- _What you will do_
From the first line of the entries below through the line holding "#38=AXIS2_PLACEMENT_3D('',#35,#36,#37);", write out every line exactly, please, and leave out the pictures.

_ _ _

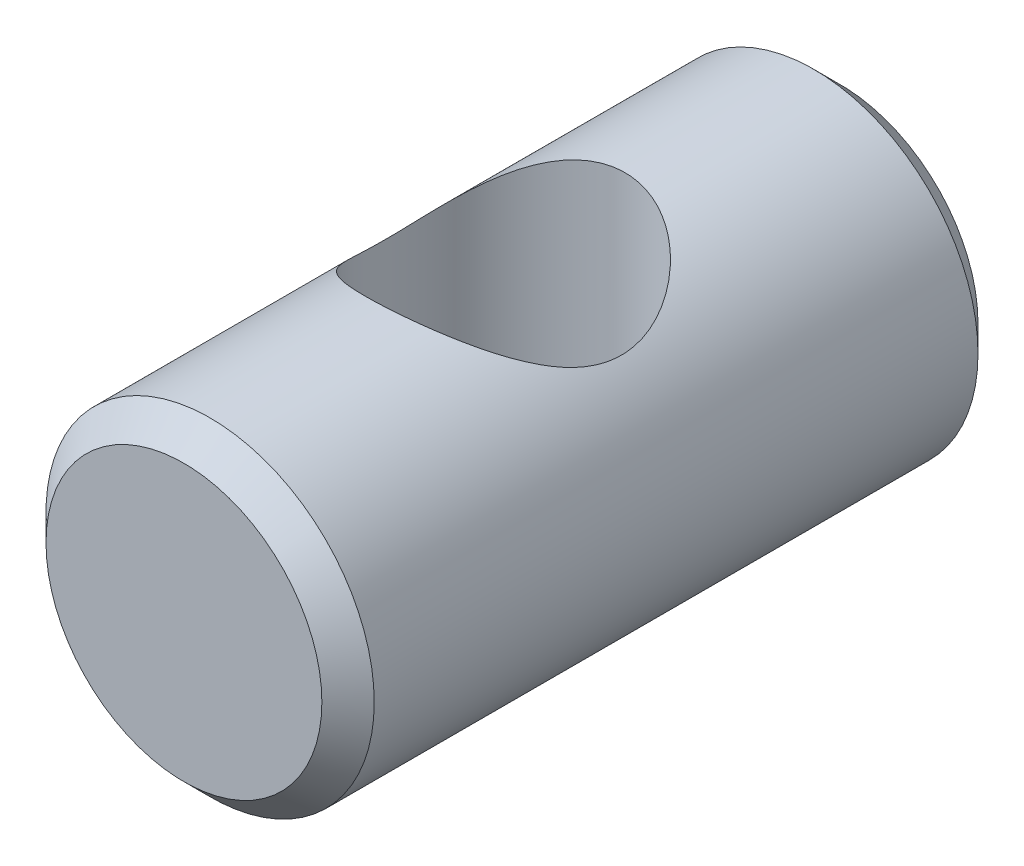
ISO-10303-21;
HEADER;
FILE_DESCRIPTION(('STEP AP214'),'2;1');
FILE_NAME('part.step','',(''),(''),'','','');
FILE_SCHEMA(('AUTOMOTIVE_DESIGN { 1 0 10303 214 1 1 1 1 }'));
ENDSEC;
DATA;
#1=APPLICATION_CONTEXT('core data for automotive mechanical design processes');
#2=APPLICATION_PROTOCOL_DEFINITION('international standard','automotive_design',2000,#1);
#3=PRODUCT_CONTEXT('',#1,'mechanical');
#4=PRODUCT('Part','Part','',(#3));
#5=PRODUCT_RELATED_PRODUCT_CATEGORY('part','',(#4));
#6=PRODUCT_DEFINITION_FORMATION('','',#4);
#7=PRODUCT_DEFINITION_CONTEXT('part definition',#1,'design');
#8=PRODUCT_DEFINITION('design','',#6,#7);
#9=PRODUCT_DEFINITION_SHAPE('','',#8);
#10=(LENGTH_UNIT() NAMED_UNIT(*) SI_UNIT(.MILLI.,.METRE.));
#11=(NAMED_UNIT(*) PLANE_ANGLE_UNIT() SI_UNIT($,.RADIAN.));
#12=(NAMED_UNIT(*) SI_UNIT($,.STERADIAN.) SOLID_ANGLE_UNIT());
#13=UNCERTAINTY_MEASURE_WITH_UNIT(LENGTH_MEASURE(1.E-05),#10,'distance_accuracy_value','');
#14=(GEOMETRIC_REPRESENTATION_CONTEXT(3) GLOBAL_UNCERTAINTY_ASSIGNED_CONTEXT((#13)) GLOBAL_UNIT_ASSIGNED_CONTEXT((#10,
#11,#12)) REPRESENTATION_CONTEXT('',''));
#15=CARTESIAN_POINT('',(0.,0.,0.));
#16=DIRECTION('',(0.,0.,1.));
#17=DIRECTION('',(1.,0.,0.));
#18=AXIS2_PLACEMENT_3D('',#15,#16,#17);
#19=CARTESIAN_POINT('',(0.,0.,9.525));
#20=DIRECTION('',(0.,0.,-1.));
#21=DIRECTION('',(-1.,0.,0.));
#22=AXIS2_PLACEMENT_3D('',#19,#20,#21);
#23=CYLINDRICAL_SURFACE('',#22,4.765);
#24=CARTESIAN_POINT('',(0.,0.,-8.76499999999998));
#25=DIRECTION('',(0.,0.,1.));
#26=DIRECTION('',(1.,0.,0.));
#27=AXIS2_PLACEMENT_3D('',#24,#25,#26);
#28=CIRCLE('',#27,4.765);
#29=CARTESIAN_POINT('',(4.765,0.,-8.76499999999998));
#30=VERTEX_POINT('',#29);
#31=EDGE_CURVE('E47',#30,#30,#28,.T.);
#32=ORIENTED_EDGE('',*,*,#31,.T.);
#33=EDGE_LOOP('',(#32));
#34=FACE_BOUND('',#33,.T.);
#35=CARTESIAN_POINT('',(0.,0.,8.76500000000001));
#36=DIRECTION('',(0.,0.,1.));
#37=DIRECTION('',(1.,0.,0.));
#38=AXIS2_PLACEMENT_3D('',#35,#36,#37);
#39=CIRCLE('',#38,4.765);
#40=CARTESIAN_POINT('',(4.765,0.,8.76500000000001));
#41=VERTEX_POINT('',#40);
#42=EDGE_CURVE('E51',#41,#41,#39,.F.);
#43=ORIENTED_EDGE('',*,*,#42,.T.);
#44=EDGE_LOOP('',(#43));
#45=FACE_BOUND('',#44,.T.);
#46=CARTESIAN_POINT('',(0.,-4.765,-3.42087708051605));
#47=CARTESIAN_POINT('',(-0.0833627581168181,-4.7649997101109,-3.42696899134863));
#48=CARTESIAN_POINT('',(-0.166953392424251,-4.76280757869707,-3.43001003086423));
#49=CARTESIAN_POINT('',(-0.333933182408652,-4.75402028790231,-3.4299899120654));
#50=CARTESIAN_POINT('',(-0.41732223719261,-4.74742325494959,-3.42692615604904));
#51=CARTESIAN_POINT('',(-0.583312250165056,-4.72989865727235,-3.41478160746824));
#52=CARTESIAN_POINT('',(-0.665912068503747,-4.71896558414041,-3.40569315136156));
#53=CARTESIAN_POINT('',(-0.829610597514771,-4.69295834085159,-3.38168739143667));
#54=CARTESIAN_POINT('',(-0.91070865358331,-4.67788240819801,-3.36676760565251));
#55=CARTESIAN_POINT('',(-1.15000632689336,-4.62699847385246,-3.31382161536753));
#56=CARTESIAN_POINT('',(-1.30524951697123,-4.58542013528299,-3.26752778272676));
#57=CARTESIAN_POINT('',(-1.60411463212557,-4.48962808746058,-3.15544383432779));
#58=CARTESIAN_POINT('',(-1.74773682156028,-4.43541466574349,-3.08965416222603));
#59=CARTESIAN_POINT('',(-2.03259497643689,-4.31273538578719,-2.93522566350036));
#60=CARTESIAN_POINT('',(-2.17272279857911,-4.24347672491827,-2.84518090003159));
#61=CARTESIAN_POINT('',(-2.43631552731587,-4.09784606286129,-2.64803347355049));
#62=CARTESIAN_POINT('',(-2.55976291960052,-4.02146672501527,-2.54091313456509));
#63=CARTESIAN_POINT('',(-2.81327393100644,-3.84950291536883,-2.28757037498761));
#64=CARTESIAN_POINT('',(-2.93940806717613,-3.75321839663728,-2.13784494064544));
#65=CARTESIAN_POINT('',(-3.10885207016274,-3.61188607024724,-1.89774924473951));
#66=CARTESIAN_POINT('',(-3.16205944901992,-3.56527135977744,-1.81509327318893));
#67=CARTESIAN_POINT('',(-3.26165283895997,-3.47438917550769,-1.64456461914389));
#68=CARTESIAN_POINT('',(-3.30804141803447,-3.43012082209569,-1.55669391813204));
#69=CARTESIAN_POINT('',(-3.41144333221737,-3.32784018306176,-1.33801732923479));
#70=CARTESIAN_POINT('',(-3.46485738281701,-3.27176419567389,-1.20454764001565));
#71=CARTESIAN_POINT('',(-3.55539465585279,-3.1731532714438,-0.927567219273259));
#72=CARTESIAN_POINT('',(-3.59255605597934,-3.13058666617785,-0.784080947165172));
#73=CARTESIAN_POINT('',(-3.64343651296181,-3.07113542283653,-0.514646140223208));
#74=CARTESIAN_POINT('',(-3.66010628533956,-3.05107413064414,-0.389980532152302));
#75=CARTESIAN_POINT('',(-3.67954153570878,-3.02761567970702,-0.138051441971629));
#76=CARTESIAN_POINT('',(-3.68232117171679,-3.02420155283186,-0.0107907379518645));
#77=CARTESIAN_POINT('',(-3.67376621747767,-3.03458366659267,0.242449329866107));
#78=CARTESIAN_POINT('',(-3.66243797397314,-3.04837216824954,0.36842924415841));
#79=CARTESIAN_POINT('',(-3.62657095184853,-3.09094772918142,0.615927376424318));
#80=CARTESIAN_POINT('',(-3.60201250089043,-3.11975712134959,0.737438661719832));
#81=CARTESIAN_POINT('',(-3.52797021750044,-3.20358122773375,1.02486117239319));
#82=CARTESIAN_POINT('',(-3.47231020523667,-3.26453704351351,1.18741075414518));
#83=CARTESIAN_POINT('',(-3.34017866781708,-3.39961296516166,1.498121783823));
#84=CARTESIAN_POINT('',(-3.2636446149314,-3.47377238661047,1.64623815847782));
#85=CARTESIAN_POINT('',(-3.12200897105521,-3.60054284241464,1.87825971607124));
#86=CARTESIAN_POINT('',(-3.06234750531042,-3.65156363596669,1.9664324955114));
#87=CARTESIAN_POINT('',(-2.93536296354977,-3.75440484501345,2.13658829521524));
#88=CARTESIAN_POINT('',(-2.86803758566651,-3.80622549668558,2.21856944344932));
#89=CARTESIAN_POINT('',(-2.65493557738645,-3.96070606463684,2.4548169203279));
#90=CARTESIAN_POINT('',(-2.4978237985218,-4.06258137631192,2.59972905493882));
#91=CARTESIAN_POINT('',(-2.18575837138568,-4.23718725327564,2.83706621766583));
#92=CARTESIAN_POINT('',(-2.03548298499758,-4.31186637762032,2.93424360521689));
#93=CARTESIAN_POINT('',(-1.71702572980925,-4.44824656330391,3.10568912436018));
#94=CARTESIAN_POINT('',(-1.54887024912961,-4.50996636079322,3.17999040299218));
#95=CARTESIAN_POINT('',(-1.22389848309852,-4.60778480850806,3.29263516387729));
#96=CARTESIAN_POINT('',(-1.06910753325383,-4.64632732736096,3.33468022800881));
#97=CARTESIAN_POINT('',(-0.75219098421797,-4.70801774696666,3.39687013419293));
#98=CARTESIAN_POINT('',(-0.590069112764686,-4.73117337991453,3.4170259792185));
#99=CARTESIAN_POINT('',(-0.262598143568302,-4.7606051003247,3.43390286080123));
#100=CARTESIAN_POINT('',(-0.0972412962651627,-4.76683385814853,3.43055828056669));
#101=CARTESIAN_POINT('',(0.231024129353294,-4.76222706928004,3.40010195996678));
#102=CARTESIAN_POINT('',(0.393932420256087,-4.75138953488968,3.37298745129903));
#103=CARTESIAN_POINT('',(0.705514268669749,-4.71498049061455,3.29795083571309));
#104=CARTESIAN_POINT('',(0.854498752183595,-4.69006694126301,3.25098003249397));
#105=CARTESIAN_POINT('',(1.14256413370517,-4.62833634686259,3.13840780618742));
#106=CARTESIAN_POINT('',(1.28164310390505,-4.59151699239254,3.07280276883643));
#107=CARTESIAN_POINT('',(1.5605913242394,-4.50478911028579,2.91796402171938));
#108=CARTESIAN_POINT('',(1.6992420339739,-4.45396042558585,2.82706121692328));
#109=CARTESIAN_POINT('',(1.96045324775842,-4.34533105232053,2.62789389216064));
#110=CARTESIAN_POINT('',(2.08299871660834,-4.28752394420402,2.51961335554432));
#111=CARTESIAN_POINT('',(2.33061071233595,-4.15886196775128,2.26753986981794));
#112=CARTESIAN_POINT('',(2.4524560274696,-4.08747815085455,2.12084350362776));
#113=CARTESIAN_POINT('',(2.67091966387117,-3.94818744226299,1.80818256348861));
#114=CARTESIAN_POINT('',(2.76753692468302,-3.88028069682256,1.64221717999394));
#115=CARTESIAN_POINT('',(2.91829752704228,-3.76775877390235,1.32363316444147));
#116=CARTESIAN_POINT('',(2.97693831230802,-3.72114907301219,1.17388770573104));
#117=CARTESIAN_POINT('',(3.04915600293589,-3.66180847873486,0.941826581338288));
#118=CARTESIAN_POINT('',(3.0706008978109,-3.64379412637323,0.863255129060429));
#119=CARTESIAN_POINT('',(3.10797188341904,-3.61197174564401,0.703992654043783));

_ _ _

- _Response_
ISO-10303-21;
HEADER;
FILE_DESCRIPTION(('STEP AP214'),'2;1');
FILE_NAME('part.step','',(''),(''),'','','');
FILE_SCHEMA(('AUTOMOTIVE_DESIGN { 1 0 10303 214 1 1 1 1 }'));
ENDSEC;
DATA;
#1=APPLICATION_CONTEXT('core data for automotive mechanical design processes');
#2=APPLICATION_PROTOCOL_DEFINITION('international standard','automotive_design',2000,#1);
#3=PRODUCT_CONTEXT('',#1,'mechanical');
#4=PRODUCT('Part','Part','',(#3));
#5=PRODUCT_RELATED_PRODUCT_CATEGORY('part','',(#4));
#6=PRODUCT_DEFINITION_FORMATION('','',#4);
#7=PRODUCT_DEFINITION_CONTEXT('part definition',#1,'design');
#8=PRODUCT_DEFINITION('design','',#6,#7);
#9=PRODUCT_DEFINITION_SHAPE('','',#8);
#10=(LENGTH_UNIT() NAMED_UNIT(*) SI_UNIT(.MILLI.,.METRE.));
#11=(NAMED_UNIT(*) PLANE_ANGLE_UNIT() SI_UNIT($,.RADIAN.));
#12=(NAMED_UNIT(*) SI_UNIT($,.STERADIAN.) SOLID_ANGLE_UNIT());
#13=UNCERTAINTY_MEASURE_WITH_UNIT(LENGTH_MEASURE(1.E-05),#10,'distance_accuracy_value','');
#14=(GEOMETRIC_REPRESENTATION_CONTEXT(3) GLOBAL_UNCERTAINTY_ASSIGNED_CONTEXT((#13)) GLOBAL_UNIT_ASSIGNED_CONTEXT((#10,
#11,#12)) REPRESENTATION_CONTEXT('',''));
#15=CARTESIAN_POINT('',(0.,0.,0.));
#16=DIRECTION('',(0.,0.,1.));
#17=DIRECTION('',(1.,0.,0.));
#18=AXIS2_PLACEMENT_3D('',#15,#16,#17);
#19=CARTESIAN_POINT('',(0.,0.,9.525));
#20=DIRECTION('',(0.,0.,-1.));
#21=DIRECTION('',(-1.,0.,0.));
#22=AXIS2_PLACEMENT_3D('',#19,#20,#21);
#23=CYLINDRICAL_SURFACE('',#22,4.765);
#24=CARTESIAN_POINT('',(0.,0.,-8.76499999999998));
#25=DIRECTION('',(0.,0.,1.));
#26=DIRECTION('',(1.,0.,0.));
#27=AXIS2_PLACEMENT_3D('',#24,#25,#26);
#28=CIRCLE('',#27,4.765);
#29=CARTESIAN_POINT('',(4.765,0.,-8.76499999999998));
#30=VERTEX_POINT('',#29);
#31=EDGE_CURVE('E47',#30,#30,#28,.T.);
#32=ORIENTED_EDGE('',*,*,#31,.T.);
#33=EDGE_LOOP('',(#32));
#34=FACE_BOUND('',#33,.T.);
#35=CARTESIAN_POINT('',(0.,0.,8.76500000000001));
#36=DIRECTION('',(0.,0.,1.));
#37=DIRECTION('',(1.,0.,0.));
#38=AXIS2_PLACEMENT_3D('',#35,#36,#37);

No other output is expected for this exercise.